▶ **Assignment**
Only some lines are wanted. Transcribe, exactly, the lines below from the line with "Terminator : Terminator" up to and including the line with "PosRightFoot/1 -> MATLAB".

::::::::

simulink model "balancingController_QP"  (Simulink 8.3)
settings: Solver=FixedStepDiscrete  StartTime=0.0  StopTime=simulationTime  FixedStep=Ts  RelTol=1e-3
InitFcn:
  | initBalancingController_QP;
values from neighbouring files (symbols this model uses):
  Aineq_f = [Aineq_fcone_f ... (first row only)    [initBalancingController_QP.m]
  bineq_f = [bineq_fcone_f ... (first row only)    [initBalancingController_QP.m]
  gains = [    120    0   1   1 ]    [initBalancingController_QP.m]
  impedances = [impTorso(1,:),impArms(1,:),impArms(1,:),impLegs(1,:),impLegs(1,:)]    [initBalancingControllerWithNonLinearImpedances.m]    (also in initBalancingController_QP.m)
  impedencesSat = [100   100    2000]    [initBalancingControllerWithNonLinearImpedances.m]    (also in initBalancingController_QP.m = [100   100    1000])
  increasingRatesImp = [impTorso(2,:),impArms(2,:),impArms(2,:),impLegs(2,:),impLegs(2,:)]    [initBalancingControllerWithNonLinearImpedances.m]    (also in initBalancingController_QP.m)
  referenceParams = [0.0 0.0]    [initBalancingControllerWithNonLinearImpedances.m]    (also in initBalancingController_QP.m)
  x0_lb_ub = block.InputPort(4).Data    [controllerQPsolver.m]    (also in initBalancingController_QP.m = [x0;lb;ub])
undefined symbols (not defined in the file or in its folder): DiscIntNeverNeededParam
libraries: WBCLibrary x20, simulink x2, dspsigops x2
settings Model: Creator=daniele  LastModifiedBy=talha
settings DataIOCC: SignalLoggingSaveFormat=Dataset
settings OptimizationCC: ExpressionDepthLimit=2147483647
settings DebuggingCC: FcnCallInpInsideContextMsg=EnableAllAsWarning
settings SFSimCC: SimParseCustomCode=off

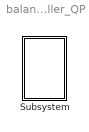
== system balancingController_QP ==
  Subsystem : Subsystem  mask{robotName='iCubGenova03', Ts=0.01, localName='balancingControllerQP'}
      mask prompts: robotName "robot name"; localName "module name"

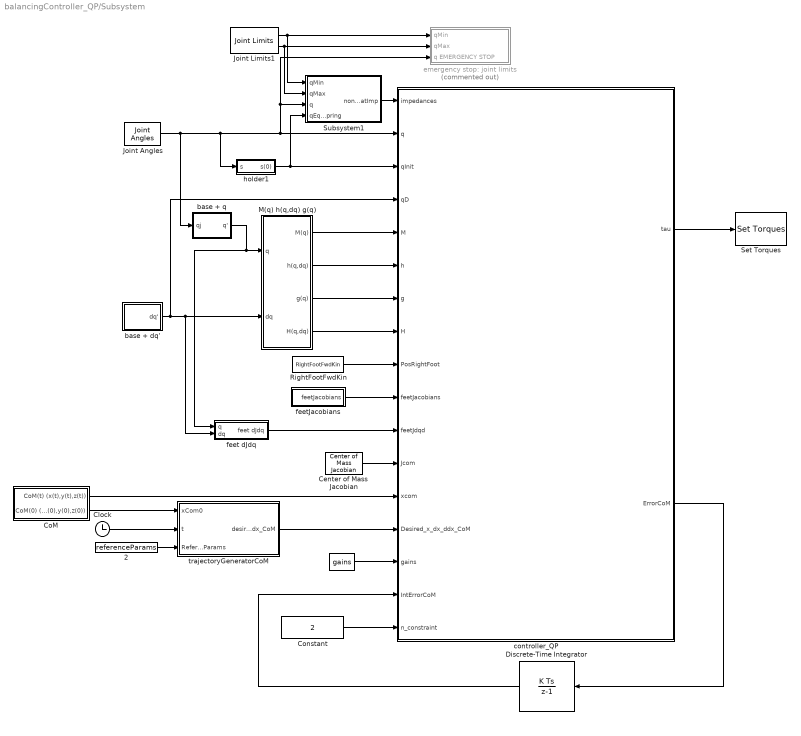
== system balancingController_QP/Subsystem ==
  "    " : Constant  Value=gains
  "    2" : Constant  Value=referenceParams
  Center of Mass Jacobian : WBCLibrary/wholeBodyModel/Jacobians/Center of Mass Jacobian  robotName=robotName  localName=localName
  Clock : Clock
  "CoM " : Subsystem
  Constant : Constant  Value=2
  Discrete-Time Integrator : DiscreteIntegrator  InitialCondition=[0 0 0]  SampleTime=Ts  ICPrevOutput=DiscIntNeverNeededParam  ICPrevScaledInput=DiscIntNeverNeededParam
  Joint Angles : WBCLibrary/wholeBodyStates/Joint Angles  robotName=robotName  localName=localName
  Joint Limits1 : WBCLibrary/wholeBodyModel/Joint Limits  robotName=robotName  localName=localName
  M(q) h(q,dq) g(q) : Subsystem
  RightFootFwdKin : WBCLibrary/wholeBodyModel/Forward Kinematics/RightFootFwdKin  robotName=robotName  localName=localName
  Set Torques : WBCLibrary/wholeBodyActuators/Set Torques  val=6  robotName=robotName  localName=localName
  Subsystem1 : Subsystem
  base + dq' : Subsystem
  base + q : Subsystem
  controller_QP : Subsystem
  emergency stop: joint limits : Subsystem  Commented=on
  feet dJdq : Subsystem
  feetJacobians : Subsystem
  holder1 : Subsystem
  trajectoryGeneratorCoM : MATLAB Function  TreatAsAtomicUnit=on
  wires:
  "    "/1 -> controller_QP/15(gains)
  trajectoryGeneratorCoM/1(desired_x_dx_ddx_CoM) -> controller_QP/14(Desired_x_dx_ddx_CoM)
  "CoM "/2(CoM(0) (x(0),y(0),z(0))) -> trajectoryGeneratorCoM/1(xCom0)
  RightFootFwdKin/1 -> controller_QP/9(PosRightFoot)
  Discrete-Time Integrator/1 -> controller_QP/16(IntErrorCoM)
  base + q/1(q') -> M(q) h(q,dq) g(q)/1(q), feet dJdq/1(q)
  Joint Angles/1 -> base + q/1(qj), Subsystem1/3(q), emergency stop: joint limits/3(q EMERGENCY STOP), controller_QP/2(q), holder1/1(s)
  M(q) h(q,dq) g(q)/3(g(q)) -> controller_QP/7(g)
  M(q) h(q,dq) g(q)/4(H(q,dq)) -> controller_QP/8(H)
  Center of Mass Jacobian/1 -> controller_QP/12(Jcom)
  feetJacobians/1(feetJacobians) -> controller_QP/10(feetJacobians)
  feet dJdq/1(feet dJdq) -> controller_QP/11(feetJdqd)
  holder1/1(s(0)) -> controller_QP/3(qInit), Subsystem1/4(qEquSpring)
  "CoM "/1(CoM(t) (x(t),y(t),z(t))) -> controller_QP/13(xcom)
  base + dq'/1(dq') -> controller_QP/4(qD), M(q) h(q,dq) g(q)/2(dq), feet dJdq/2(dq)
  M(q) h(q,dq) g(q)/1(M(q)) -> controller_QP/5(M)
  M(q) h(q,dq) g(q)/2(h(q,dq)) -> controller_QP/6(h)
  controller_QP/2(ErrorCoM) -> Discrete-Time Integrator/1
  Constant/1 -> controller_QP/17(n_constraint)
  controller_QP/1(tau) -> Set Torques/1
  "    2"/1 -> trajectoryGeneratorCoM/3(ReferenceParams)
  Clock/1 -> trajectoryGeneratorCoM/2(t)
  Subsystem1/1(nonLinSatImp) -> controller_QP/1(impedances)
  Joint Limits1/1 -> emergency stop: joint limits/1(qMin), Subsystem1/1(qMin)
  Joint Limits1/2 -> emergency stop: joint limits/2(qMax), Subsystem1/2(qMax)

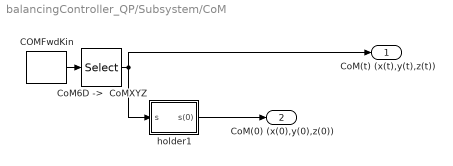
== system balancingController_QP/Subsystem/CoM  ==
  "COMFwdKin " : WBCLibrary/wholeBodyModel/Forward Kinematics/COMFwdKin   robotName=robotName  localName=localName
  "CoM6D ->  CoMXYZ" : Selector  InputPortWidth=7  Indices=[1 2 3]
  holder1 : Subsystem
  CoM(t) (x(t),y(t),z(t)) : Outport
  CoM(0) (x(0),y(0),z(0)) : Outport  Port=2
  wires:
  "COMFwdKin "/1 -> "CoM6D ->  CoMXYZ"/1
  "CoM6D ->  CoMXYZ"/1 -> holder1/1(s), CoM(t) (x(t),y(t),z(t))/1
  holder1/1(s(0)) -> CoM(0) (x(0),y(0),z(0))/1

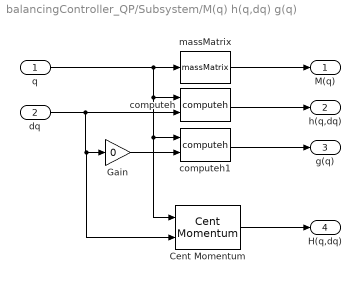
== system balancingController_QP/Subsystem/M(q) h(q,dq) g(q) ==
  q : Inport
  dq : Inport  Port=2
  Cent Momentum : WBCLibrary/wholeBodyModel/Dynamics/Cent Momentum  robotName=robotName  localName=localName
  Gain : Gain  Gain=0
  computeh : WBCLibrary/wholeBodyModel/Dynamics/computeh  val=7  robotname=robotName  localname=localName
  computeh1 : WBCLibrary/wholeBodyModel/Dynamics/computeh  val=7  robotname=robotName  localname=localName
  massMatrix : WBCLibrary/wholeBodyModel/Dynamics/massMatrix  val=8  robotname=robotName  localname=localName
  M(q) : Outport
  h(q,dq) : Outport  Port=2
  g(q) : Outport  Port=3
  H(q,dq) : Outport  Port=4
  wires:
  Gain/1 -> computeh1/2
  computeh1/1 -> g(q)/1
  computeh/1 -> h(q,dq)/1
  massMatrix/1 -> M(q)/1
  q/1 -> Cent Momentum/1, computeh1/1, computeh/1, massMatrix/1
  dq/1 -> Cent Momentum/2, Gain/1, computeh/2
  Cent Momentum/1 -> H(q,dq)/1

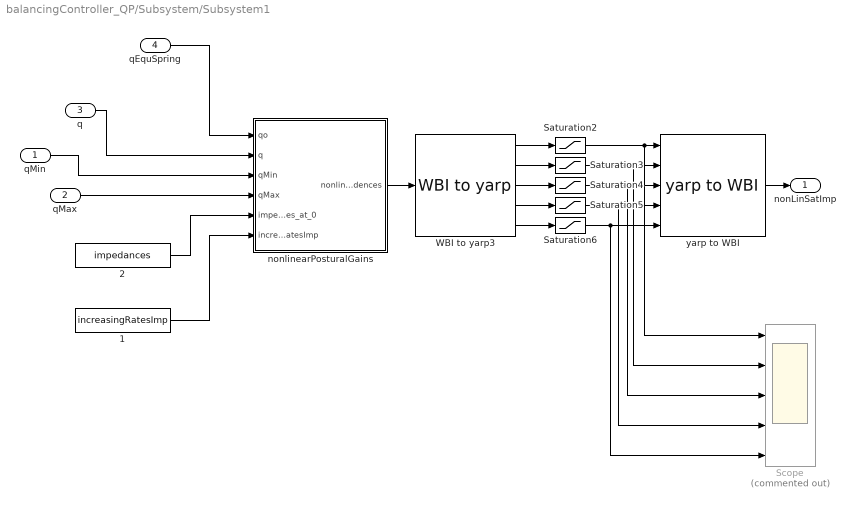
== system balancingController_QP/Subsystem/Subsystem1 ==
  qMin : Inport
  qMax : Inport  Port=2
  q : Inport  Port=3
  qEquSpring : Inport  Port=4
  "    1" : Constant  Value=increasingRatesImp
  "    2" : Constant  Value=impedances
  Saturation2 : Saturate  UpperLimit=impedencesSat(1)  LowerLimit=0  SampleTime=Ts
  Saturation3 : Saturate  UpperLimit=impedencesSat(2)  LowerLimit=0  SampleTime=Ts
  Saturation4 : Saturate  UpperLimit=impedencesSat(2)  LowerLimit=0  SampleTime=Ts
  Saturation5 : Saturate  UpperLimit=impedencesSat(3)  LowerLimit=0  SampleTime=Ts
  Saturation6 : Saturate  UpperLimit=impedencesSat(3)  LowerLimit=0  SampleTime=Ts
  Scope : Scope  Commented=on  NumInputPorts=5
      settings: ShowLegends=on  TimeRange=12  YMin=-5~-5~-5~0.9370629370629331~-5  YMax=5~5~5~4.937062937062933~5
  WBI to yarp3 : WBCLibrary/Utilities/WBI to yarp
  "nonlinearPosturalGains " : MATLAB Function  TreatAsAtomicUnit=on
  yarp to WBI : WBCLibrary/Utilities/yarp to WBI
  nonLinSatImp : Outport
  wires:
  WBI to yarp3/1 -> Saturation2/1
  WBI to yarp3/2 -> Saturation3/1
  WBI to yarp3/3 -> Saturation4/1
  WBI to yarp3/4 -> Saturation5/1
  WBI to yarp3/5 -> Saturation6/1
  "nonlinearPosturalGains "/1(nonlinearImpedences) -> WBI to yarp3/1
  yarp to WBI/1 -> nonLinSatImp/1
  qEquSpring/1 -> "nonlinearPosturalGains "/1(qo)
  qMin/1 -> "nonlinearPosturalGains "/3(qMin)
  qMax/1 -> "nonlinearPosturalGains "/4(qMax)
  "    2"/1 -> "nonlinearPosturalGains "/5(impedences_at_0)
  "    1"/1 -> "nonlinearPosturalGains "/6(increasingRatesImp)
  q/1 -> "nonlinearPosturalGains "/2(q)
  Saturation6/1 -> Scope/5, yarp to WBI/5
  Saturation4/1 -> Scope/3, yarp to WBI/3
  Saturation5/1 -> Scope/4, yarp to WBI/4
  Saturation3/1 -> Scope/2, yarp to WBI/2
  Saturation2/1 -> Scope/1, yarp to WBI/1

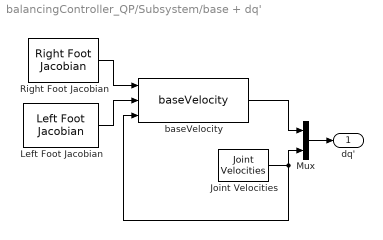
== system balancingController_QP/Subsystem/base + dq' ==
  Joint Velocities : WBCLibrary/wholeBodyStates/Joint Velocities  robotName=robotName  localName=localName
  Left Foot Jacobian : WBCLibrary/wholeBodyModel/Jacobians/Left Foot Jacobian  robotName=robotName  localName=localName
  Mux : Mux  Inputs=2
  Right Foot Jacobian : WBCLibrary/wholeBodyModel/Jacobians/Right Foot Jacobian  robotName=robotName  localName=localName
  baseVelocity : WBCLibrary/Utilities/baseVelocity
  dq' : Outport
  wires:
  Left Foot Jacobian/1 -> baseVelocity/2
  Right Foot Jacobian/1 -> baseVelocity/1
  baseVelocity/1 -> Mux/1
  Joint Velocities/1 -> baseVelocity/3, Mux/2
  Mux/1 -> dq'/1

== system balancingController_QP/Subsystem/base + q ==
  qj : Inport
  Constant1 : Constant  Value=zeros(16,1)
  Mux : Mux  Inputs=2
  q' : Outport
  wires:
  Mux/1 -> q'/1
  qj/1 -> Mux/2
  Constant1/1 -> Mux/1

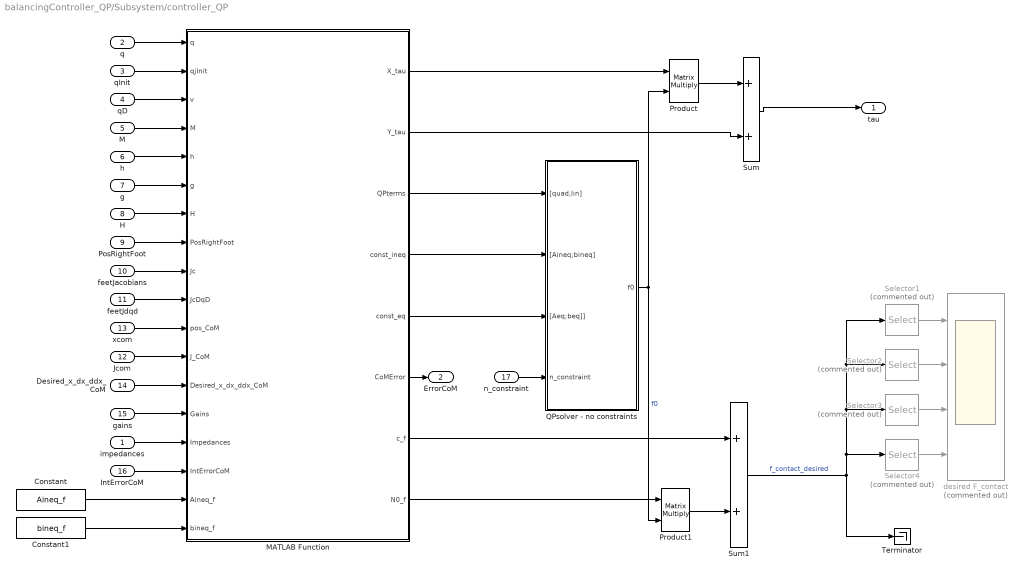
== system balancingController_QP/Subsystem/controller_QP ==
  impedances : Inport
  q : Inport  Port=2
  qInit : Inport  Port=3
  qD : Inport  Port=4
  M : Inport  Port=5
  h : Inport  Port=6
  g : Inport  Port=7
  H : Inport  Port=8
  PosRightFoot : Inport  Port=9
  feetJacobians : Inport  Port=10
  feetJdqd : Inport  Port=11
  Jcom : Inport  Port=12
  xcom : Inport  Port=13
  Desired_x_dx_ddx_CoM : Inport  Port=14
  gains : Inport  Port=15
  IntErrorCoM : Inport  Port=16
  n_constraint : Inport  Port=17
  Constant : Constant  Value=Aineq_f
  Constant1 : Constant  Value=bineq_f
  MATLAB Function : MATLAB Function  TreatAsAtomicUnit=on
  Product : Product  Multiplication=Matrix(*)
  Product1 : Product  Multiplication=Matrix(*)
  QPsolver - no constraints : Subsystem
  Selector1 : Selector  Commented=on  InputPortWidth=12  Indices=[1 2 3]
  Selector2 : Selector  Commented=on  InputPortWidth=12  Indices=[4 5 6]
  Selector3 : Selector  Commented=on  InputPortWidth=12  Indices=[7 8 9]
  Selector4 : Selector  Commented=on  InputPortWidth=12  Indices=[10 11 12]
  Sum : Sum
  Sum1 : Sum
  Terminator : Terminator
  desired F_contact : Scope  Commented=on  NumInputPorts=4
      settings: YMin=-5~-5~-5~-5  YMax=5~5~5~5  SaveName=ScopeData2
  tau : Outport
  ErrorCoM : Outport  Port=2
  wires:
  q/1 -> MATLAB Function/1(q)
  qInit/1 -> MATLAB Function/2(qjInit)
  qD/1 -> MATLAB Function/3(v)
  M/1 -> MATLAB Function/4(M)
  h/1 -> MATLAB Function/5(h)
  g/1 -> MATLAB Function/6(g)
  H/1 -> MATLAB Function/7(H)
  PosRightFoot/1 -> MATLAB Function/8(PosRightFoot)
  feetJacobians/1 -> MATLAB Function/9(Jc)
  feetJdqd/1 -> MATLAB Function/10(JcDqD)
  xcom/1 -> MATLAB Function/11(pos_CoM)
  Jcom/1 -> MATLAB Function/12(J_CoM)
  Desired_x_dx_ddx_CoM/1 -> MATLAB Function/13(Desired_x_dx_ddx_CoM)
  gains/1 -> MATLAB Function/14(Gains)
  impedances/1 -> MATLAB Function/15(Impedances)
  IntErrorCoM/1 -> MATLAB Function/16(IntErrorCoM)
  n_constraint/1 -> QPsolver - no constraints/4(n_constraint)
  MATLAB Function/6(CoMError) -> ErrorCoM/1
  MATLAB Function/3(QPterms) -> QPsolver - no constraints/1("[quad,lin]")
  MATLAB Function/4(const_ineq) -> QPsolver - no constraints/2("[Aineq;bineq]")
  MATLAB Function/5(const_eq) -> QPsolver - no constraints/3("[Aeq;beq]]")
  QPsolver - no constraints/1(f0) -> Product1/2, Product/2  "f0"
  Product/1 -> Sum/1
  Sum/1 -> tau/1
  MATLAB Function/1(X_tau) -> Product/1
  MATLAB Function/2(Y_tau) -> Sum/2
  MATLAB Function/8(N0_f) -> Product1/1
  Product1/1 -> Sum1/2
  MATLAB Function/7(c_f) -> Sum1/1
  Sum1/1 -> Selector4/1, Selector3/1, Selector2/1, Selector1/1, Terminator/1  "f_contact_desired"
  Selector1/1 -> desired F_contact/1
  Selector4/1 -> desired F_contact/4
  Selector3/1 -> desired F_contact/3
  Selector2/1 -> desired F_contact/2
  Constant/1 -> MATLAB Function/17(Aineq_f)
  Constant1/1 -> MATLAB Function/18(bineq_f)

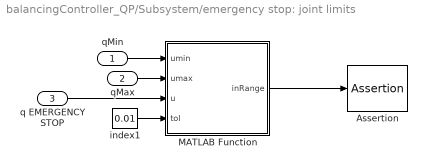
== system balancingController_QP/Subsystem/emergency stop: joint limits ==
  qMin : Inport
  qMax : Inport  Port=2
  q EMERGENCY STOP : Inport  Port=3
  Assertion : Assertion
  MATLAB Function : MATLAB Function  TreatAsAtomicUnit=on
  index1 : Constant  Value=0.01  VectorParams1D=off
  wires:
  qMin/1 -> MATLAB Function/1(umin)
  qMax/1 -> MATLAB Function/2(umax)
  index1/1 -> MATLAB Function/4(tol)
  q EMERGENCY STOP/1 -> MATLAB Function/3(u)
  MATLAB Function/1(inRange) -> Assertion/1

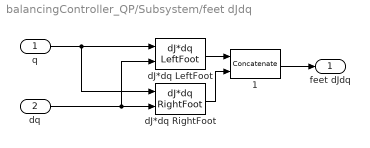
== system balancingController_QP/Subsystem/feet dJdq ==
  q : Inport
  dq : Inport  Port=2
  " 1" : Concatenate  Mode=Multidimensional array
  dJ*dq LeftFoot : WBCLibrary/wholeBodyModel/Dynamics/dJ*dq LeftFoot  val=9  robotName=robotName  localName=localName
  dJ*dq RightFoot : WBCLibrary/wholeBodyModel/Dynamics/dJ*dq RightFoot  val=9  robotName=robotName  localName=localName
  feet dJdq : Outport
  wires:
  dJ*dq LeftFoot/1 -> " 1"/1
  dJ*dq RightFoot/1 -> " 1"/2
  " 1"/1 -> feet dJdq/1
  q/1 -> dJ*dq RightFoot/1, dJ*dq LeftFoot/1
  dq/1 -> dJ*dq LeftFoot/2, dJ*dq RightFoot/2

== system balancingController_QP/Subsystem/feetJacobians ==
  " " : Concatenate  Mode=Multidimensional array
  Left Foot Jacobian : WBCLibrary/wholeBodyModel/Jacobians/Left Foot Jacobian  robotName=robotName  localName=localName
  Right Foot Jacobian : WBCLibrary/wholeBodyModel/Jacobians/Right Foot Jacobian  robotName=robotName  localName=localName
  feetJacobians : Outport
  wires:
  Left Foot Jacobian/1 -> " "/1
  Right Foot Jacobian/1 -> " "/2
  " "/1 -> feetJacobians/1

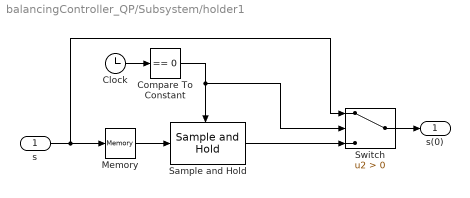
== system balancingController_QP/Subsystem/holder1 ==
  s : Inport
  Clock : Clock
  Compare To Constant : simulink/Logic and Bit Operations/Compare To Constant  relop===  const=0  OutDataTypeStr=boolean
  Memory : Memory
  Sample and Hold : dspsigops/Sample and Hold  trig=Falling edge  initCond=0  latchinput=off
  Switch : Switch  Criteria=u2 > Threshold
  s(0) : Outport
  wires:
  s/1 -> Switch/1, Memory/1
  Clock/1 -> Compare To Constant/1
  Compare To Constant/1 -> Sample and Hold/Trigger, Switch/2
  Sample and Hold/1 -> Switch/3
  Switch/1 -> s(0)/1
  Memory/1 -> Sample and Hold/1

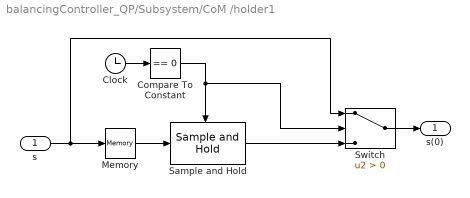
== system balancingController_QP/Subsystem/CoM /holder1 ==
  s : Inport
  Clock : Clock
  Compare To Constant : simulink/Logic and Bit Operations/Compare To Constant  relop===  const=0  OutDataTypeStr=boolean
  Memory : Memory
  Sample and Hold : dspsigops/Sample and Hold  trig=Falling edge  initCond=0  latchinput=off
  Switch : Switch  Criteria=u2 > Threshold
  s(0) : Outport
  wires:
  s/1 -> Switch/1, Memory/1
  Clock/1 -> Compare To Constant/1
  Compare To Constant/1 -> Sample and Hold/Trigger, Switch/2
  Sample and Hold/1 -> Switch/3
  Switch/1 -> s(0)/1
  Memory/1 -> Sample and Hold/1

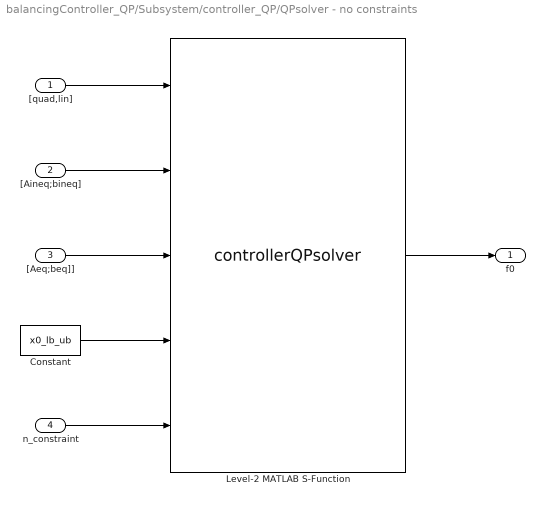
== system balancingController_QP/Subsystem/controller_QP/QPsolver - no constraints ==
  "[quad,lin]" : Inport
  "[Aineq;bineq]" : Inport  Port=2
  "[Aeq;beq]]" : Inport  Port=3
  n_constraint : Inport  Port=4
  Constant : Constant  Value=x0_lb_ub
  Level-2 MATLAB S-Function : M-S-Function  FunctionName=controllerQPsolver
  f0 : Outport
  wires:
  "[quad,lin]"/1 -> Level-2 MATLAB S-Function/1
  "[Aineq;bineq]"/1 -> Level-2 MATLAB S-Function/2
  "[Aeq;beq]]"/1 -> Level-2 MATLAB S-Function/3
  Constant/1 -> Level-2 MATLAB S-Function/4
  Level-2 MATLAB S-Function/1 -> f0/1
  n_constraint/1 -> Level-2 MATLAB S-Function/5

== matlab function Subsystem/trajectoryGeneratorCoM ==
  data: desired_x_dx_ddx_CoM output double; xCom0 input double; t input double; ReferenceParams input double
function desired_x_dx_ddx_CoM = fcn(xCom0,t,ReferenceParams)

::::::::

▶ **Exercise solution**
  Terminator : Terminator
  desired F_contact : Scope  Commented=on  NumInputPorts=4
      settings: YMin=-5~-5~-5~-5  YMax=5~5~5~5  SaveName=ScopeData2
  tau : Outport
  ErrorCoM : Outport  Port=2
  wires:
  q/1 -> MATLAB Function/1(q)
  qInit/1 -> MATLAB Function/2(qjInit)
  qD/1 -> MATLAB Function/3(v)
  M/1 -> MATLAB Function/4(M)
  h/1 -> MATLAB Function/5(h)
  g/1 -> MATLAB Function/6(g)
  H/1 -> MATLAB Function/7(H)
  PosRightFoot/1 -> MATLAB Function/8(PosRightFoot)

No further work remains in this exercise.